The second mistake is collecting a lot of low-quality data. HW3 notes that if the teleoperator stands still for many seconds during recording, the dataset will contain many "do nothing" actions. The policy may then learn to be passive. Robotics data is not only about quantity; it is about coverage and action quality.
The third mistake is evaluating only a successful video. Always run many headless episodes, record success rate and tracking error, and inspect failure cases. A policy that fails 15% of the time can still look excellent if you only show the best rollout.

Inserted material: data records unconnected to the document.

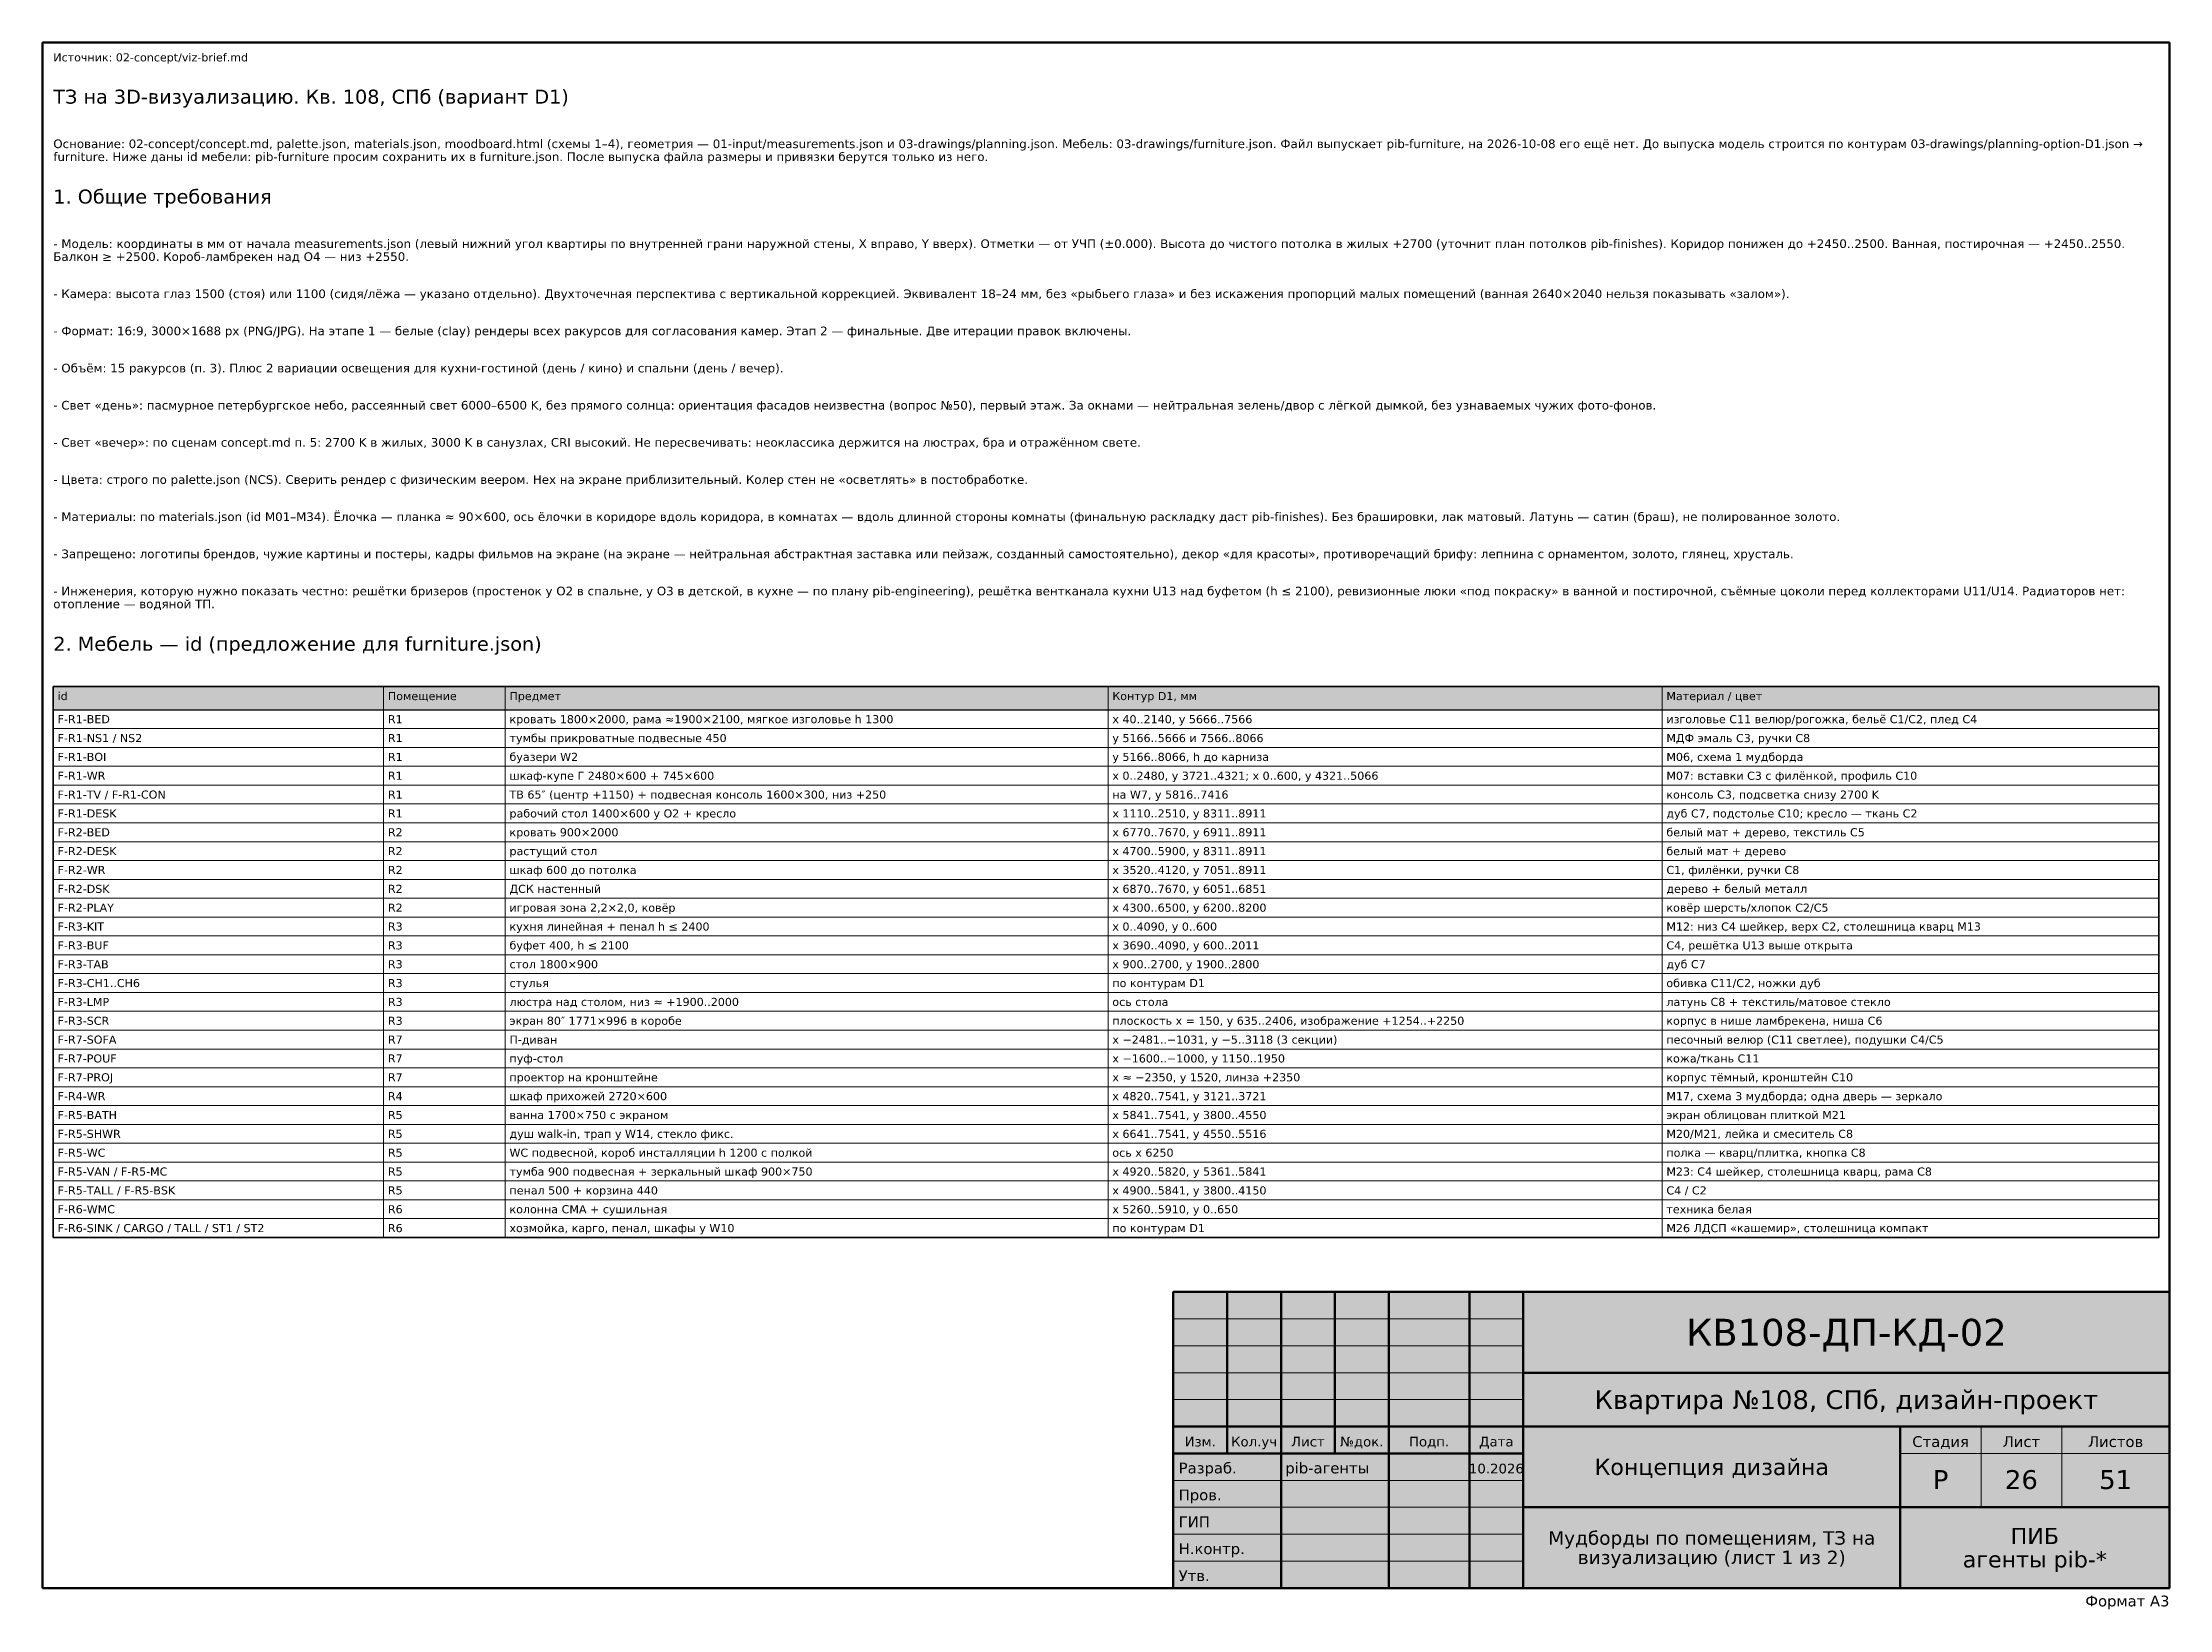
# Model space of a CAD drawing. Header units: millimetres. Extents: x 20 to 415, y 1 to 292.
import ezdxf
from ezdxf.enums import TextEntityAlignment as Align

# ---------------------------------------------------------------- set-up
doc = ezdxf.new("R2010")
doc.units = ezdxf.units.MM
doc.layers.add('FRAME', color=7, linetype='CONTINUOUS')
doc.layers.add('TEXT', color=7, linetype='CONTINUOUS')
doc.styles.add('GOST', font='DejaVuSans.ttf')

msp = doc.modelspace()

# ---------------------------------------------------------------- hatches: boundary and pattern name
at = {"layer": 'FRAME', "true_color": 0xffffff}
h = msp.add_hatch(color=7, dxfattribs=at)
h.dxf.hatch_style = 1
h.paths.add_polyline_path([(230, 5), (415, 5), (415, 60), (230, 60)])
at = {"layer": 'TEXT', "true_color": 0xe6e6e6}
h = msp.add_hatch(color=7, dxfattribs=at)
h.dxf.hatch_style = 1
h.paths.add_polyline_path([(22, 168.1), (413, 168.1), (413, 172.4), (22, 172.4)])

# ---------------------------------------------------------------- linework, layer by layer
at = {"layer": 'FRAME', "color": 7, "lineweight": 50}
for points in [[(20, 5), (415, 5), (415, 292), (20, 292)], [(230, 5), (415, 5), (415, 60), (230, 60)]]:
    msp.add_lwpolyline(points, close=True, dxfattribs=at)
for points in [[(240, 30), (240, 60)], [(250, 5), (250, 60)], [(260, 30), (260, 60)], [(270, 5), (270, 60)], [(285, 5), (285, 60)], [(295, 5), (295, 60)], [(295, 45), (415, 45)], [(230, 35), (295, 35)], [(295, 35), (415, 35)], [(365, 5), (365, 35)], [(230, 30), (295, 30)], [(295, 20), (415, 20)]]:
    msp.add_lwpolyline(points, dxfattribs=at)
at = {"layer": 'FRAME', "color": 7, "lineweight": 20}
for points in [[(230, 55), (295, 55)], [(230, 50), (295, 50)], [(230, 45), (295, 45)], [(230, 40), (295, 40)], [(380, 20), (380, 35)], [(395, 20), (395, 35)], [(365, 30), (415, 30)], [(230, 25), (295, 25)], [(230, 20), (295, 20)], [(230, 15), (295, 15)], [(230, 10), (295, 10)]]:
    msp.add_lwpolyline(points, dxfattribs=at)
at = {"layer": 'TEXT', "color": 7, "lineweight": 25}
msp.add_lwpolyline([(22, 168.1), (413, 168.1), (413, 172.4), (22, 172.4)], close=True, dxfattribs=at)
at = {"layer": 'TEXT', "color": 7, "lineweight": 15}
for points in [[(22, 172.4), (22, 168.1)], [(83.34, 172.4), (83.34, 168.1)], [(105.92, 172.4), (105.92, 168.1)], [(217.88, 172.4), (217.88, 168.1)], [(320.77, 172.4), (320.77, 168.1)], [(413, 172.4), (413, 168.1)], [(22, 168.1), (22, 164.6)], [(83.34, 168.1), (83.34, 164.6)], [(105.92, 168.1), (105.92, 164.6)], [(217.88, 168.1), (217.88, 164.6)], [(320.77, 168.1), (320.77, 164.6)], [(413, 168.1), (413, 164.6)], [(22, 164.6), (22, 161.1)], [(83.34, 164.6), (83.34, 161.1)], [(105.92, 164.6), (105.92, 161.1)], [(217.88, 164.6), (217.88, 161.1)], [(320.77, 164.6), (320.77, 161.1)], [(413, 164.6), (413, 161.1)], [(22, 161.1), (22, 157.6)], [(83.34, 161.1), (83.34, 157.6)], [(105.92, 161.1), (105.92, 157.6)], [(217.88, 161.1), (217.88, 157.6)], [(320.77, 161.1), (320.77, 157.6)], [(413, 161.1), (413, 157.6)], [(22, 157.6), (22, 154.1)], [(22, 154.1), (22, 150.6)], [(83.34, 157.6), (83.34, 154.1)], [(83.34, 154.1), (83.34, 150.6)], [(105.92, 157.6), (105.92, 154.1)], [(105.92, 154.1), (105.92, 150.6)], [(217.88, 157.6), (217.88, 154.1)], [(217.88, 154.1), (217.88, 150.6)], [(320.77, 157.6), (320.77, 154.1)], [(320.77, 154.1), (320.77, 150.6)], [(413, 157.6), (413, 154.1)], [(413, 154.1), (413, 150.6)], [(22, 150.6), (22, 147.1)], [(83.34, 150.6), (83.34, 147.1)], [(105.92, 150.6), (105.92, 147.1)], [(217.88, 150.6), (217.88, 147.1)], [(320.77, 150.6), (320.77, 147.1)], [(413, 150.6), (413, 147.1)], [(22, 147.1), (22, 143.6)], [(83.34, 147.1), (83.34, 143.6)], [(105.92, 147.1), (105.92, 143.6)], [(217.88, 147.1), (217.88, 143.6)], [(320.77, 147.1), (320.77, 143.6)], [(413, 147.1), (413, 143.6)], [(22, 143.6), (22, 140.1)], [(83.34, 143.6), (83.34, 140.1)], [(105.92, 143.6), (105.92, 140.1)], [(217.88, 143.6), (217.88, 140.1)], [(320.77, 143.6), (320.77, 140.1)], [(413, 143.6), (413, 140.1)], [(22, 140.1), (22, 136.6)], [(83.34, 140.1), (83.34, 136.6)], [(105.92, 140.1), (105.92, 136.6)], [(217.88, 140.1), (217.88, 136.6)], [(320.77, 140.1), (320.77, 136.6)], [(413, 140.1), (413, 136.6)], [(22, 136.6), (22, 133.1)], [(83.34, 136.6), (83.34, 133.1)], [(105.92, 136.6), (105.92, 133.1)], [(217.88, 136.6), (217.88, 133.1)], [(320.77, 136.6), (320.77, 133.1)], [(413, 136.6), (413, 133.1)], [(22, 133.1), (22, 129.6)], [(83.34, 133.1), (83.34, 129.6)], [(105.92, 133.1), (105.92, 129.6)], [(217.88, 133.1), (217.88, 129.6)], [(320.77, 133.1), (320.77, 129.6)], [(413, 133.1), (413, 129.6)], [(22, 129.6), (22, 126.1)], [(83.34, 129.6), (83.34, 126.1)], [(105.92, 129.6), (105.92, 126.1)], [(217.88, 129.6), (217.88, 126.1)], [(320.77, 129.6), (320.77, 126.1)], [(413, 129.6), (413, 126.1)], [(22, 126.1), (22, 122.6)], [(22, 122.6), (22, 119.1)], [(83.34, 126.1), (83.34, 122.6)], [(83.34, 122.6), (83.34, 119.1)], [(105.92, 126.1), (105.92, 122.6)], [(105.92, 122.6), (105.92, 119.1)], [(217.88, 126.1), (217.88, 122.6)], [(217.88, 122.6), (217.88, 119.1)], [(320.77, 126.1), (320.77, 122.6)], [(320.77, 122.6), (320.77, 119.1)], [(413, 126.1), (413, 122.6)], [(413, 122.6), (413, 119.1)], [(22, 119.1), (22, 115.6)], [(83.34, 119.1), (83.34, 115.6)], [(105.92, 119.1), (105.92, 115.6)], [(217.88, 119.1), (217.88, 115.6)], [(320.77, 119.1), (320.77, 115.6)], [(413, 119.1), (413, 115.6)], [(22, 115.6), (22, 112.1)], [(83.34, 115.6), (83.34, 112.1)], [(105.92, 115.6), (105.92, 112.1)], [(217.88, 115.6), (217.88, 112.1)], [(320.77, 115.6), (320.77, 112.1)], [(413, 115.6), (413, 112.1)], [(22, 112.1), (22, 108.6)], [(83.34, 112.1), (83.34, 108.6)], [(105.92, 112.1), (105.92, 108.6)], [(217.88, 112.1), (217.88, 108.6)], [(320.77, 112.1), (320.77, 108.6)], [(413, 112.1), (413, 108.6)], [(22, 108.6), (22, 105.1)], [(83.34, 108.6), (83.34, 105.1)], [(105.92, 108.6), (105.92, 105.1)], [(217.88, 108.6), (217.88, 105.1)], [(320.77, 108.6), (320.77, 105.1)], [(413, 108.6), (413, 105.1)], [(22, 105.1), (22, 101.6)], [(83.34, 105.1), (83.34, 101.6)], [(105.92, 105.1), (105.92, 101.6)], [(217.88, 105.1), (217.88, 101.6)], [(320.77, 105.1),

The fourth mistake is ignoring the difference between training and inference. During training, a policy may rely on randomization, exploration noise, replay buffers or teacher corrections. During inference, it has only the current observation and the checkpoint. Hidden assumptions show up quickly when deployed.
Conclusion
ETH Robot Learning 2026 is worth studying because it does not sell the story that foundation models solve robotics by themselves. It teaches the stack: tensors, control, MDPs, imitation learning, RL, generative policies, sequence models, world models and then VLA/foundation models. For beginners, that is the least confusing path. Each modern paper appears after you have already seen the concrete problem it tries to solve.
For the next step, continue with the LeRobot ecosystem, OpenVLA deep dives and whole-body VLA training pipelines. Concepts such as dataset schemas, action chunking, diffusion heads, policy rollouts and sim-to-real will become much easier to reason about.